Selective Catalytic Oxidation of Cyclohexene with Molecular Oxygen: Radical Versus Nonradical Pathways

We study the allylic oxidation of cyclohexene with O₂ under mild conditions in the presence of transition-metal catalysts. The catalysts comprise nanometric metal oxide particles supported on porous N-doped carbons (M/N:C, M=V, Cr, Fe, Co, Ni, Cu, Nb, Mo, W). Most of these metal oxides give only moderate conversions, and the majority of the products are over-oxidation products. Co/N:C and Cu/N:C, however, give 70–80 % conversion and 40–50 % selectivity to the ketone product, cyclohexene-2-one. Control experiments in which we used free-radical scavengers show that the oxidation follows the expected free-radical pathway in almost all cases. Surprisingly, the catalytic cycle in the presence of Cu/N:C does not involve free-radical species in solution.

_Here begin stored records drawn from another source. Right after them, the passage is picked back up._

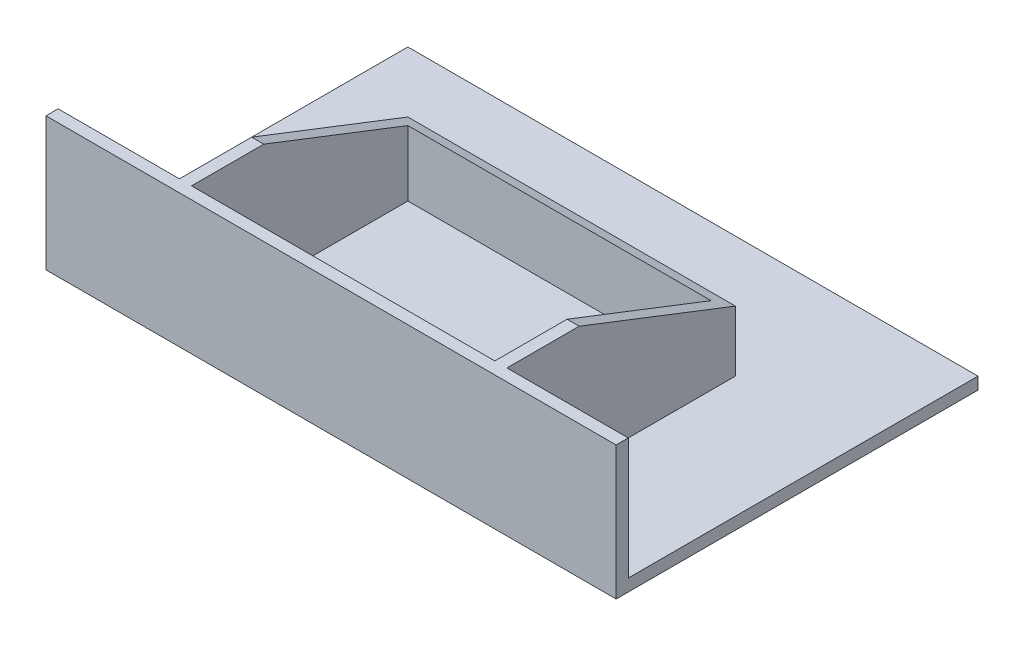
ISO-10303-21;
HEADER;
FILE_DESCRIPTION(('STEP AP214'),'2;1');
FILE_NAME('part.step','',(''),(''),'','','');
FILE_SCHEMA(('AUTOMOTIVE_DESIGN { 1 0 10303 214 1 1 1 1 }'));
ENDSEC;
DATA;
#1=APPLICATION_CONTEXT('core data for automotive mechanical design processes');
#2=APPLICATION_PROTOCOL_DEFINITION('international standard','automotive_design',2000,#1);
#3=PRODUCT_CONTEXT('',#1,'mechanical');
#4=PRODUCT('Part','Part','',(#3));
#5=PRODUCT_RELATED_PRODUCT_CATEGORY('part','',(#4));
#6=PRODUCT_DEFINITION_FORMATION('','',#4);
#7=PRODUCT_DEFINITION_CONTEXT('part definition',#1,'design');
#8=PRODUCT_DEFINITION('design','',#6,#7);
#9=PRODUCT_DEFINITION_SHAPE('','',#8);
#10=(LENGTH_UNIT() NAMED_UNIT(*) SI_UNIT(.MILLI.,.METRE.));
#11=(NAMED_UNIT(*) PLANE_ANGLE_UNIT() SI_UNIT($,.RADIAN.));
#12=(NAMED_UNIT(*) SI_UNIT($,.STERADIAN.) SOLID_ANGLE_UNIT());
#13=UNCERTAINTY_MEASURE_WITH_UNIT(LENGTH_MEASURE(1.E-05),#10,'distance_accuracy_value','');
#14=(GEOMETRIC_REPRESENTATION_CONTEXT(3) GLOBAL_UNCERTAINTY_ASSIGNED_CONTEXT((#13)) GLOBAL_UNIT_ASSIGNED_CONTEXT((#10,
#11,#12)) REPRESENTATION_CONTEXT('',''));
#15=CARTESIAN_POINT('',(0.,0.,0.));
#16=DIRECTION('',(0.,0.,1.));
#17=DIRECTION('',(1.,0.,0.));
#18=AXIS2_PLACEMENT_3D('',#15,#16,#17);
#19=CARTESIAN_POINT('',(0.,0.,0.));
#20=DIRECTION('',(0.,0.,1.));
#21=DIRECTION('',(1.,0.,0.));
#22=AXIS2_PLACEMENT_3D('',#19,#20,#21);
#23=PLANE('',#22);
#24=DIRECTION('',(-1.,0.,0.));
#25=VECTOR('',#24,1.);
#26=CARTESIAN_POINT('',(-47.,0.,0.));
#27=LINE('',#26,#25);
#28=CARTESIAN_POINT('',(-27.,0.,0.));
#29=VERTEX_POINT('',#28);
#30=CARTESIAN_POINT('',(-47.,0.,0.));
#31=VERTEX_POINT('',#30);
#32=EDGE_CURVE('E250',#29,#31,#27,.T.);
#33=ORIENTED_EDGE('',*,*,#32,.T.);
#34=DIRECTION('',(0.,-1.,0.));
#35=VECTOR('',#34,1.);
#36=CARTESIAN_POINT('',(-47.,20.,0.));
#37=LINE('',#36,#35);
#38=CARTESIAN_POINT('',(-47.,20.,0.));
#39=VERTEX_POINT('',#38);
#40=EDGE_CURVE('E100',#39,#31,#37,.T.);
#41=ORIENTED_EDGE('',*,*,#40,.F.);
#42=DIRECTION('',(-1.,0.,0.));
#43=VECTOR('',#42,1.);
#44=CARTESIAN_POINT('',(-47.,20.,0.));
#45=LINE('',#44,#43);
#46=CARTESIAN_POINT('',(-27.,20.,0.));
#47=VERTEX_POINT('',#46);
#48=EDGE_CURVE('E79',#47,#39,#45,.T.);
#49=ORIENTED_EDGE('',*,*,#48,.F.);
#50=DIRECTION('',(0.,-1.,0.));
#51=VECTOR('',#50,1.);
#52=CARTESIAN_POINT('',(-27.,0.,0.));
#53=LINE('',#52,#51);
#54=EDGE_CURVE('E83',#47,#29,#53,.T.);
#55=ORIENTED_EDGE('',*,*,#54,.T.);
#56=EDGE_LOOP('',(#33,#41,#49,#55));
#57=FACE_BOUND('',#56,.T.);
#58=ADVANCED_FACE('F37',(#57),#23,.F.);
#59=CARTESIAN_POINT('',(25.,0.,0.));
#60=VERTEX_POINT('',#59);
#61=CARTESIAN_POINT('',(-25.,0.,0.));
#62=VERTEX_POINT('',#61);
#63=EDGE_CURVE('E248',#60,#62,#27,.T.);
#64=ORIENTED_EDGE('',*,*,#63,.T.);
#65=DIRECTION('',(0.,1.,0.));
#66=VECTOR('',#65,1.);
#67=CARTESIAN_POINT('',(-25.,-61.4143647298425,0.));
#68=LINE('',#67,#66);
#69=CARTESIAN_POINT('',(-25.,20.,0.));
#70=VERTEX_POINT('',#69);
#71=EDGE_CURVE('E151',#62,#70,#68,.T.);
#72=ORIENTED_EDGE('',*,*,#71,.T.);
#73=CARTESIAN_POINT('',(25.,20.,0.));
#74=VERTEX_POINT('',#73);
#75=EDGE_CURVE('E101',#74,#70,#45,.T.);
#76=ORIENTED_EDGE('',*,*,#75,.F.);
#77=DIRECTION('',(0.,1.,0.));
#78=VECTOR('',#77,1.);
#79=CARTESIAN_POINT('',(25.,-61.4143647298425,0.));
#80=LINE('',#79,#78);
#81=EDGE_CURVE('E157',#60,#74,#80,.T.);
#82=ORIENTED_EDGE('',*,*,#81,.F.);
#83=EDGE_LOOP('',(#64,#72,#76,#82));
#84=FACE_BOUND('',#83,.T.);
#85=ADVANCED_FACE('F222',(#84),#23,.F.);
#86=CARTESIAN_POINT('',(47.,0.,0.));
#87=VERTEX_POINT('',#86);
#88=CARTESIAN_POINT('',(27.,0.,0.));
#89=VERTEX_POINT('',#88);
#90=EDGE_CURVE('E239',#87,#89,#27,.T.);
#91=ORIENTED_EDGE('',*,*,#90,.T.);
#92=DIRECTION('',(0.,-1.,0.));
#93=VECTOR('',#92,1.);
#94=CARTESIAN_POINT('',(27.,0.,0.));
#95=LINE('',#94,#93);
#96=CARTESIAN_POINT('',(27.,20.,0.));
#97=VERTEX_POINT('',#96);
#98=EDGE_CURVE('E182',#97,#89,#95,.T.);
#99=ORIENTED_EDGE('',*,*,#98,.F.);
#100=CARTESIAN_POINT('',(47.,20.,0.));
#101=VERTEX_POINT('',#100);
#102=EDGE_CURVE('E104',#101,#97,#45,.T.);
#103=ORIENTED_EDGE('',*,*,#102,.F.);
#104=DIRECTION('',(0.,1.,0.));
#105=VECTOR('',#104,1.);
#106=CARTESIAN_POINT('',(47.,20.,0.));
#107=LINE('',#106,#105);
#108=EDGE_CURVE('E102',#87,#101,#107,.T.);
#109=ORIENTED_EDGE('',*,*,#108,.F.);
#110=EDGE_LOOP('',(#91,#99,#103,#109));
#111=FACE_BOUND('',#110,.T.);
#112=ADVANCED_FACE('F207',(#111),#23,.F.);
#113=CARTESIAN_POINT('',(27.,5.,-4.));
#114=DIRECTION('',(-1.,0.,0.));
#115=DIRECTION('',(0.,0.,1.));
#116=AXIS2_PLACEMENT_3D('',#113,#114,#115);
#117=CYLINDRICAL_SURFACE('',#116,2.1);
#118=CARTESIAN_POINT('',(-25.,5.,-4.));
#119=DIRECTION('',(-1.,0.,0.));
#120=DIRECTION('',(0.,0.,1.));
#121=AXIS2_PLACEMENT_3D('',#118,#119,#120);
#122=CIRCLE('',#121,2.1);
#123=CARTESIAN_POINT('',(-25.,5.,-1.9));
#124=VERTEX_POINT('',#123);
#125=EDGE_CURVE('E165',#124,#124,#122,.T.);
#126=ORIENTED_EDGE('',*,*,#125,.F.);
#127=EDGE_LOOP('',(#126));
#128=FACE_BOUND('',#127,.T.);
#129=CARTESIAN_POINT('',(-27.,5.,-4.));
#130=DIRECTION('',(1.,0.,0.));
#131=DIRECTION('',(0.,0.,-1.));
#132=AXIS2_PLACEMENT_3D('',#129,#130,#131);
#133=CIRCLE('',#132,2.1);
#134=CARTESIAN_POINT('',(-27.,5.,-6.1));
#135=VERTEX_POINT('',#134);
#136=EDGE_CURVE('E169',#135,#135,#133,.T.);
#137=ORIENTED_EDGE('',*,*,#136,.F.);
#138=EDGE_LOOP('',(#137));
#139=FACE_BOUND('',#138,.T.);
#140=ADVANCED_FACE('F203',(#128,#139),#117,.F.);
#141=CARTESIAN_POINT('',(27.,0.,0.));
#142=DIRECTION('',(-1.,0.,0.));
#143=DIRECTION('',(0.,0.,1.));
#144=AXIS2_PLACEMENT_3D('',#141,#142,#143);
#145=PLANE('',#144);
#146=DIRECTION('',(0.,0.,-1.));
#147=VECTOR('',#146,1.);
#148=CARTESIAN_POINT('',(27.,0.,-37.6612421989213));
#149=LINE('',#148,#147);
#150=CARTESIAN_POINT('',(27.,0.,-37.6612421989213));
#151=VERTEX_POINT('',#150);
#152=EDGE_CURVE('E96',#89,#151,#149,.T.);
#153=ORIENTED_EDGE('',*,*,#152,.T.);
#154=DIRECTION('',(0.,1.,0.));
#155=VECTOR('',#154,1.);
#156=CARTESIAN_POINT('',(27.,10.,-37.6612421989213));
#157=LINE('',#156,#155);
#158=CARTESIAN_POINT('',(27.,10.,-37.6612421989213));
#159=VERTEX_POINT('',#158);
#160=EDGE_CURVE('E177',#151,#159,#157,.T.);
#161=ORIENTED_EDGE('',*,*,#160,.T.);
#162=DIRECTION('',(0.,0.361963982515908,0.932192080722221));
#163=VECTOR('',#162,1.);
#164=CARTESIAN_POINT('',(27.,20.,-11.9075173602559));
#165=LINE('',#164,#163);
#166=CARTESIAN_POINT('',(27.,20.,-11.9075173602559));
#167=VERTEX_POINT('',#166);
#168=EDGE_CURVE('E54',#159,#167,#165,.T.);
#169=ORIENTED_EDGE('',*,*,#168,.T.);
#170=DIRECTION('',(0.,0.,1.));
#171=VECTOR('',#170,1.);
#172=CARTESIAN_POINT('',(27.,20.,0.));
#173=LINE('',#172,#171);
#174=EDGE_CURVE('E180',#167,#97,#173,.T.);
#175=ORIENTED_EDGE('',*,*,#174,.T.);
#176=ORIENTED_EDGE('',*,*,#98,.T.);
#177=EDGE_LOOP('',(#153,#161,#169,#175,#176));
#178=FACE_BOUND('',#177,.T.);
#179=CARTESIAN_POINT('',(27.,5.,-4.));
#180=DIRECTION('',(1.,0.,0.));
#181=DIRECTION('',(0.,0.,-1.));
#182=AXIS2_PLACEMENT_3D('',#179,#180,#181);
#183=CIRCLE('',#182,2.1);
#184=CARTESIAN_POINT('',(27.,5.,-6.1));
#185=VERTEX_POINT('',#184);
#186=EDGE_CURVE('E170',#185,#185,#183,.T.);
#187=ORIENTED_EDGE('',*,*,#186,.F.);
#188=EDGE_LOOP('',(#187));
#189=FACE_BOUND('',#188,.T.);
#190=ADVANCED_FACE('F206',(#178,#189),#145,.F.);
#191=CARTESIAN_POINT('',(-27.,0.,0.));
#192=DIRECTION('',(-1.,0.,0.));
#193=DIRECTION('',(0.,0.,1.));
#194=AXIS2_PLACEMENT_3D('',#191,#192,#193);
#195=PLANE('',#194);
#196=DIRECTION('',(0.,0.,-1.));
#197=VECTOR('',#196,1.);
#198=CARTESIAN_POINT('',(-27.,0.,-37.6612421989213));
#199=LINE('',#198,#197);
#200=CARTESIAN_POINT('',(-27.,0.,-37.6612421989213));
#201=VERTEX_POINT('',#200);
#202=EDGE_CURVE('E93',#29,#201,#199,.T.);
#203=ORIENTED_EDGE('',*,*,#202,.F.);
#204=ORIENTED_EDGE('',*,*,#54,.F.);
#205=DIRECTION('',(0.,0.,1.));
#206=VECTOR('',#205,1.);
#207=CARTESIAN_POINT('',(-27.,20.,0.));
#208=LINE('',#207,#206);
#209=CARTESIAN_POINT('',(-27.,20.,-11.9075173602559));
#210=VERTEX_POINT('',#209);
#211=EDGE_CURVE('E72',#210,#47,#208,.T.);
#212=ORIENTED_EDGE('',*,*,#211,.F.);
#213=DIRECTION('',(0.,0.361963982515908,0.932192080722221));
#214=VECTOR('',#213,1.);
#215=CARTESIAN_POINT('',(-27.,20.,-11.9075173602559));
#216=LINE('',#215,#214);
#217=CARTESIAN_POINT('',(-27.,10.,-37.6612421989213));
#218=VERTEX_POINT('',#217);
#219=EDGE_CURVE('E84',#218,#210,#216,.T.);
#220=ORIENTED_EDGE('',*,*,#219,.F.);
#221=DIRECTION('',(0.,1.,0.));
#222=VECTOR('',#221,1.);
#223=CARTESIAN_POINT('',(-27.,10.,-37.6612421989213));
#224=LINE('',#223,#222);
#225=EDGE_CURVE('E186',#201,#218,#224,.T.);
#226=ORIENTED_EDGE('',*,*,#225,.F.);
#227=EDGE_LOOP('',(#203,#204,#212,#220,#226));
#228=FACE_BOUND('',#227,.T.);
#229=ORIENTED_EDGE('',*,*,#136,.T.);
#230=EDGE_LOOP('',(#229));
#231=FACE_BOUND('',#230,.T.);
#232=ADVANCED_FACE('F88',(#228,#231),#195,.T.);
#233=CARTESIAN_POINT('',(27.,10.,-37.6612421989213));
#234=DIRECTION('',(0.,0.,1.));
#235=DIRECTION('',(1.,0.,0.));
#236=AXIS2_PLACEMENT_3D('',#233,#234,#235);
#237=PLANE('',#236);
#238=ORIENTED_EDGE('',*,*,#225,.T.);
#239=DIRECTION('',(-1.,0.,0.));
#240=VECTOR('',#239,1.);
#241=CARTESIAN_POINT('',(27.,10.,-37.6612421989213));
#242=LINE('',#241,#240);
#243=EDGE_CURVE('E191',#159,#218,#242,.T.);
#244=ORIENTED_EDGE('',*,*,#243,.F.);
#245=ORIENTED_EDGE('',*,*,#160,.F.);
#246=DIRECTION('',(-1.,0.,0.));
#247=VECTOR('',#246,1.);
#248=CARTESIAN_POINT('',(27.,0.,-37.6612421989213));
#249=LINE('',#248,#247);
#250=EDGE_CURVE('E46',#151,#201,#249,.T.);
#251=ORIENTED_EDGE('',*,*,#250,.T.);
#252=EDGE_LOOP('',(#238,#244,#245,#251));
#253=FACE_BOUND('',#252,.T.);
#254=ADVANCED_FACE('F39',(#253),#237,.F.);
#255=CARTESIAN_POINT('',(27.,20.,-11.9075173602559));
#256=DIRECTION('',(0.,-0.932192080722221,0.361963982515908));
#257=DIRECTION('',(0.,-0.361963982515908,-0.932192080722221));
#258=AXIS2_PLACEMENT_3D('',#255,#256,#257);
#259=PLANE('',#258);
#260=DIRECTION('',(-1.,0.,0.));
#261=VECTOR('',#260,1.);
#262=CARTESIAN_POINT('',(27.,20.,-11.9075173602559));
#263=LINE('',#262,#261);
#264=CARTESIAN_POINT('',(-25.,20.,-11.9075173602559));
#265=VERTEX_POINT('',#264);
#266=EDGE_CURVE('E68',#265,#210,#263,.T.);
#267=ORIENTED_EDGE('',*,*,#266,.F.);
#268=DIRECTION('',(0.,-0.361963982515908,-0.932192080722221));
#269=VECTOR('',#268,1.);
#270=CARTESIAN_POINT('',(-25.,20.,-11.9075173602559));
#271=LINE('',#270,#269);
#272=CARTESIAN_POINT('',(-25.,10.7765866928101,-35.6612421989213));
#273=VERTEX_POINT('',#272);
#274=EDGE_CURVE('E166',#265,#273,#271,.T.);
#275=ORIENTED_EDGE('',*,*,#274,.T.);
#276=DIRECTION('',(1.,0.,0.));
#277=VECTOR('',#276,1.);
#278=CARTESIAN_POINT('',(27.,10.7765866928101,-35.6612421989213));
#279=LINE('',#278,#277);
#280=CARTESIAN_POINT('',(25.,10.7765866928101,-35.6612421989213));
#281=VERTEX_POINT('',#280);
#282=EDGE_CURVE('E11',#273,#281,#279,.T.);
#283=ORIENTED_EDGE('',*,*,#282,.T.);
#284=DIRECTION('',(0.,0.361963982515908,0.932192080722221));
#285=VECTOR('',#284,1.);
#286=CARTESIAN_POINT('',(25.,20.,-11.9075173602559));
#287=LINE('',#286,#285);
#288=CARTESIAN_POINT('',(25.,20.,-11.9075173602559));
#289=VERTEX_POINT('',#288);
#290=EDGE_CURVE('E162',#281,#289,#287,.T.);
#291=ORIENTED_EDGE('',*,*,#290,.T.);
#292=EDGE_CURVE('E189',#167,#289,#263,.T.);
#293=ORIENTED_EDGE('',*,*,#292,.F.);
#294=ORIENTED_EDGE('',*,*,#168,.F.);
#295=ORIENTED_EDGE('',*,*,#243,.T.);
#296=ORIENTED_EDGE('',*,*,#219,.T.);
#297=EDGE_LOOP('',(#267,#275,#283,#291,#293,#294,#295,#296));
#298=FACE_BOUND('',#297,.T.);
#299=ADVANCED_FACE('F217',(#298),#259,.F.);
#300=CARTESIAN_POINT('',(27.,20.,0.));
#301=DIRECTION('',(0.,-1.,0.));
#302=DIRECTION('',(0.,0.,-1.));
#303=AXIS2_PLACEMENT_3D('',#300,#301,#302);
#304=PLANE('',#303);
#305=ORIENTED_EDGE('',*,*,#292,.T.);
#306=DIRECTION('',(0.,0.,-1.));
#307=VECTOR('',#306,1.);
#308=CARTESIAN_POINT('',(25.,20.,0.));
#309=LINE('',#308,#307);
#310=EDGE_CURVE('E148',#74,#289,#309,.T.);
#311=ORIENTED_EDGE('',*,*,#310,.F.);
#312=ORIENTED_EDGE('',*,*,#75,.T.);
#313=DIRECTION('',(0.,0.,1.));
#314=VECTOR('',#313,1.);
#315=CARTESIAN_POINT('',(-25.,20.,0.));
#316=LINE('',#315,#314);
#317=EDGE_CURVE('E134',#265,#70,#316,.T.);
#318=ORIENTED_EDGE('',*,*,#317,.F.);
#319=ORIENTED_EDGE('',*,*,#266,.T.);
#320=ORIENTED_EDGE('',*,*,#211,.T.);
#321=ORIENTED_EDGE('',*,*,#48,.T.);
#322=DIRECTION('',(0.,0.,-1.));
#323=VECTOR('',#322,1.);
#324=CARTESIAN_POINT('',(-47.,20.,2.));
#325=LINE('',#324,#323);
#326=CARTESIAN_POINT('',(-47.,20.,2.));
#327=VERTEX_POINT('',#326);
#328=EDGE_CURVE('E130',#327,#39,#325,.T.);
#329=ORIENTED_EDGE('',*,*,#328,.F.);
#330=DIRECTION('',(-1.,0.,0.));
#331=VECTOR('',#330,1.);
#332=CARTESIAN_POINT('',(-47.,20.,2.));
#333=LINE('',#332,#331);
#334=CARTESIAN_POINT('',(47.,20.,2.));
#335=VERTEX_POINT('',#334);
#336=EDGE_CURVE('E120',#335,#327,#333,.T.);
#337=ORIENTED_EDGE('',*,*,#336,.F.);
#338=DIRECTION('',(0.,0.,-1.));
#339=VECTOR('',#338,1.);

Optimisation of this catalyst gives >85 % conversion with >60 % selectivity to the allylic ketone at 70 °C and 10 bar O₂. We used SEM, X-ray photoelectron spectroscopy and XRD to show that the active particles have a cupric oxide/cuprous oxide core–shell structure, giving a high turnover frequency of approximately 1500 h⁻¹. We attribute the high performance of this Cu/N:C catalyst to a facile surface reaction between adsorbed cyclohexenyl hydroperoxide molecules and activated oxygen species.